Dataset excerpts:
-*-
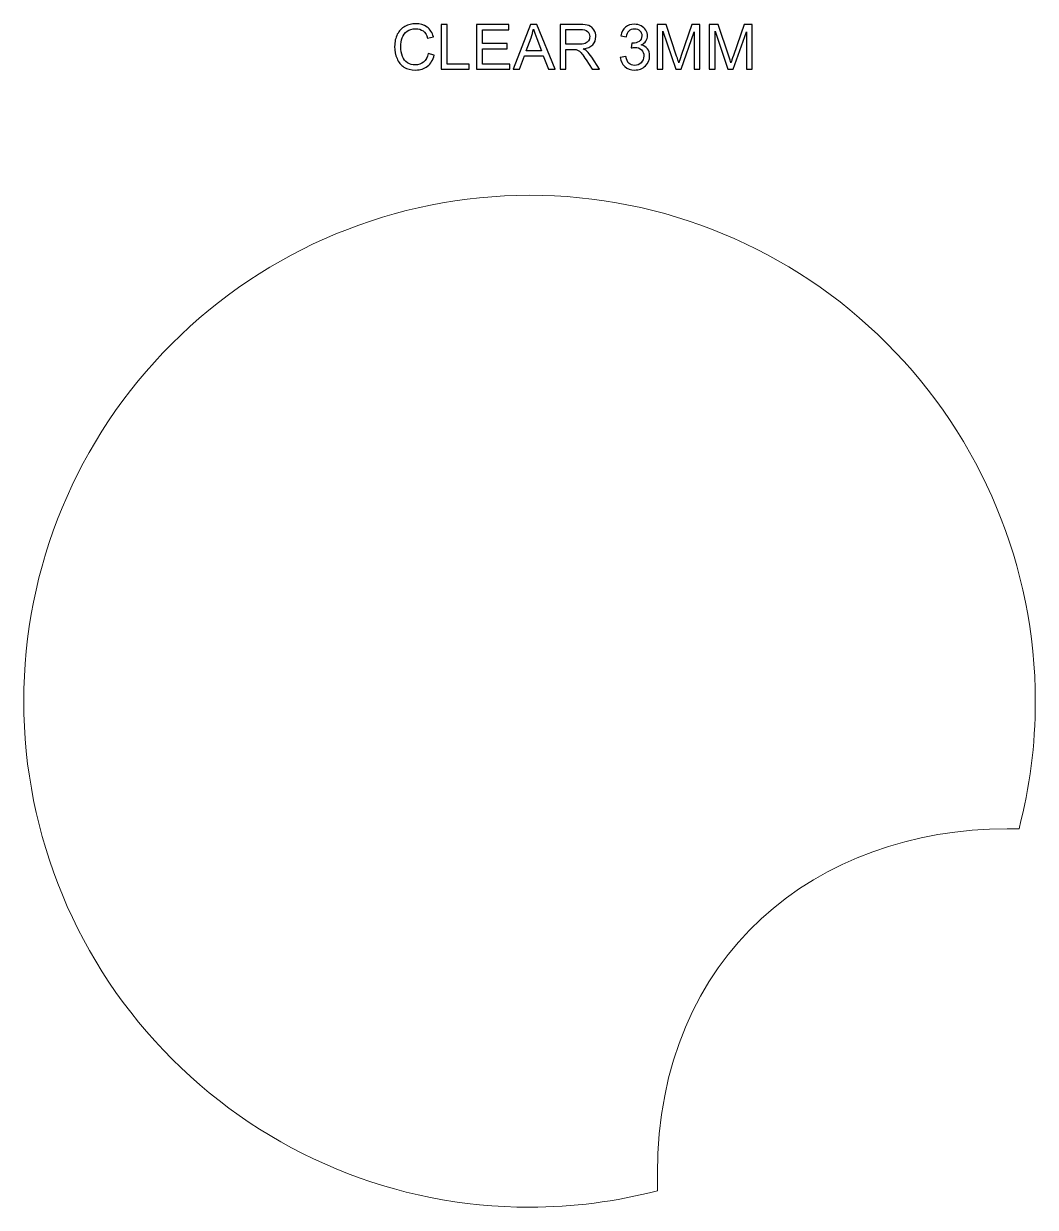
# Model space of a CAD drawing. Header units: millimetres. Extents: x -99 to 240, y -1 to 69.
# Drawn here: x 42.2 to 99.2, y 2.8 to 69.4 of the extents above; entities that cross this region are included whole.
import ezdxf

# ---------------------------------------------------------------- set-up
doc = ezdxf.new("R2010")
doc.units = ezdxf.units.MM
doc.header["$MEASUREMENT"] = 0
doc.layers.add('Cut', color=7, linetype='Continuous')
doc.layers.add('Guides', color=7, linetype='Continuous', plot=False)

msp = doc.modelspace()

# ---------------------------------------------------------------- linework, layer by layer
at = {"layer": 'Cut', "color": 250, "lineweight": 9}
msp.add_open_spline([(70.6635, 59.768), (63.1, 59.7632), (55.8484, 56.754), (50.5035, 51.4026), (50.5035, 51.4026), (45.1587, 46.051), (42.1588, 38.8315), (42.1636, 31.2681), (42.1636, 31.2681), (42.1683, 23.7046), (45.1776, 16.453), (50.529, 11.1081), (50.529, 11.1081), (55.8805, 5.7633), (63.1, 2.7634), (70.6635, 2.7682), (70.6635, 2.7682), (73.1162, 2.7698), (75.5361, 3.0875), (77.8688, 3.6984), (77.8688, 3.6984), (77.8688, 3.6984), (77.8688, 4.6476), (77.8688, 4.6476), (77.8688, 4.6476), (77.8688, 17.0525), (86.9142, 24.0882), (97.5835, 24.0882), (97.5835, 24.0882), (97.5835, 24.0882), (98.2467, 24.0882), (98.2467, 24.0882), (98.2467, 24.0882), (98.8517, 26.4111), (99.1649, 28.8216), (99.1634, 31.2681), (99.1634, 31.2681), (99.1586, 38.8315), (96.1494, 46.0832), (90.798, 51.4281), (90.798, 51.4281), (85.4464, 56.7728), (78.2269, 59.7728), (70.6635, 59.768)], degree=3, knots=[0, 0, 0, 0, 0.0833333, 0.0833333, 0.0833333, 0.0833333, 0.1666667, 0.1666667, 0.1666667, 0.1666667, 0.25, 0.25, 0.25, 0.25, 0.3333333, 0.3333333, 0.3333333, 0.3333333, 0.4166667, 0.4166667, 0.4166667, 0.4166667, 0.5, 0.5, 0.5, 0.5, 0.5833333, 0.5833333, 0.5833333, 0.5833333, 0.6666667, 0.6666667, 0.6666667, 0.6666667, 0.75, 0.75, 0.75, 0.75, 0.8333333, 0.8333333, 0.8333333, 0.8333333, 1, 1, 1, 1], dxfattribs=at)
at = {"layer": 'Guides', "color": 250}
for points, knots in [([(64.957, 67.7523), (64.957, 67.7523), (65.2921, 67.6677), (65.2921, 67.6677), (65.2921, 67.6677), (65.2221, 67.3931), (65.0963, 67.1844), (64.9146, 67.0403), (64.9146, 67.0403), (64.733, 66.8963), (64.5107, 66.824), (64.2479, 66.824), (64.2479, 66.824), (63.9763, 66.824), (63.7552, 66.8792), (63.5847, 66.9904), (63.5847, 66.9904), (63.4142, 67.1009), (63.2848, 67.2614), (63.196, 67.4713), (63.196, 67.4713), (63.1073, 67.6818), (63.0626, 67.907), (63.0626, 68.148), (63.0626, 68.148), (63.0626, 68.4108), (63.1126, 68.6401), (63.2131, 68.8359), (63.2131, 68.8359), (63.3136, 69.0317), (63.4565, 69.1805), (63.6417, 69.2822), (63.6417, 69.2822), (63.8269, 69.3839), (64.0309, 69.4345), (64.2532, 69.4345), (64.2532, 69.4345), (64.506, 69.4345), (64.7183, 69.3704), (64.8899, 69.2416), (64.8899, 69.2416), (65.0622, 69.1129), (65.1821, 68.9324), (65.2498, 68.6995), (65.2498, 68.6995), (65.2498, 68.6995), (64.9217, 68.6219), (64.9217, 68.6219), (64.9217, 68.6219), (64.8635, 68.8054), (64.7782, 68.9394), (64.6671, 69.0229), (64.6671, 69.0229), (64.556, 69.107), (64.416, 69.1487), (64.2473, 69.1487), (64.2473, 69.1487), (64.0539, 69.1487), (63.8916, 69.1023), (63.7617, 69.0094), (63.7617, 69.0094), (63.6317, 68.9165), (63.54, 68.7912), (63.4877, 68.6349), (63.4877, 68.6349), (63.4348, 68.4779), (63.4083, 68.3162), (63.4083, 68.1498), (63.4083, 68.1498), (63.4083, 67.9352), (63.4395, 67.7476), (63.5018, 67.5877), (63.5018, 67.5877), (63.5641, 67.4272), (63.6611, 67.3079), (63.7928, 67.2285), (63.7928, 67.2285), (63.9245, 67.1491), (64.0668, 67.1097), (64.2203, 67.1097), (64.2203, 67.1097), (64.4072, 67.1097), (64.5648, 67.1638), (64.6941, 67.2714), (64.6941, 67.2714), (64.8235, 67.3796), (64.9111, 67.5395), (64.957, 67.7523)], [0, 0, 0, 0, 0.0434783, 0.0434783, 0.0434783, 0.0434783, 0.0869565, 0.0869565, 0.0869565, 0.0869565, 0.1304348, 0.1304348, 0.1304348, 0.1304348, 0.173913, 0.173913, 0.173913, 0.173913, 0.2173913, 0.2173913, 0.2173913, 0.2173913, 0.2608696, 0.2608696, 0.2608696, 0.2608696, 0.3043478, 0.3043478, 0.3043478, 0.3043478, 0.3478261, 0.3478261, 0.3478261, 0.3478261, 0.3913043, 0.3913043, 0.3913043, 0.3913043, 0.4347826, 0.4347826, 0.4347826, 0.4347826, 0.4782609, 0.4782609, 0.4782609, 0.4782609, 0.5217391, 0.5217391, 0.5217391, 0.5217391, 0.5652174, 0.5652174, 0.5652174, 0.5652174, 0.6086957, 0.6086957, 0.6086957, 0.6086957, 0.6521739, 0.6521739, 0.6521739, 0.6521739, 0.6956522, 0.6956522, 0.6956522, 0.6956522, 0.7391304, 0.7391304, 0.7391304, 0.7391304, 0.7826087, 0.7826087, 0.7826087, 0.7826087, 0.826087, 0.826087, 0.826087, 0.826087, 0.8695652, 0.8695652, 0.8695652, 0.8695652, 0.9130435, 0.9130435, 0.9130435, 0.9130435, 1, 1, 1, 1]), ([(65.6913, 66.8663), (65.6913, 66.8663), (65.6913, 69.3921), (65.6913, 69.3921), (65.6913, 69.3921), (65.6913, 69.3921), (66.0265, 69.3921), (66.0265, 69.3921), (66.0265, 69.3921), (66.0265, 69.3921), (66.0265, 67.1626), (66.0265, 67.1626), (66.0265, 67.1626), (66.0265, 67.1626), (67.2682, 67.1626), (67.2682, 67.1626), (67.2682, 67.1626), (67.2682, 67.1626), (67.2682, 66.8663), (67.2682, 66.8663), (67.2682, 66.8663), (67.2682, 66.8663), (65.6913, 66.8663), (65.6913, 66.8663)], [0, 0, 0, 0, 0.1428571, 0.1428571, 0.1428571, 0.1428571, 0.2857143, 0.2857143, 0.2857143, 0.2857143, 0.4285714, 0.4285714, 0.4285714, 0.4285714, 0.5714286, 0.5714286, 0.5714286, 0.5714286, 0.7142857, 0.7142857, 0.7142857, 0.7142857, 1, 1, 1, 1]), ([(67.6745, 66.8663), (67.6745, 66.8663), (67.6745, 69.3921), (67.6745, 69.3921), (67.6745, 69.3921), (67.6745, 69.3921), (69.4983, 69.3921), (69.4983, 69.3921), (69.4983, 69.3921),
-*-
The response must match the data line for line, from its first line through the line with "msp = doc.modelspace()", inclusive, and must leave out the pictures.

# Model space of a CAD drawing. Header units: millimetres. Extents: x -99 to 240, y -1 to 69.
# Drawn here: x 42.2 to 99.2, y 2.8 to 69.4 of the extents above; entities that cross this region are included whole.
import ezdxf

# ---------------------------------------------------------------- set-up
doc = ezdxf.new("R2010")
doc.units = ezdxf.units.MM
doc.header["$MEASUREMENT"] = 0
doc.layers.add('Cut', color=7, linetype='Continuous')
doc.layers.add('Guides', color=7, linetype='Continuous', plot=False)

msp = doc.modelspace()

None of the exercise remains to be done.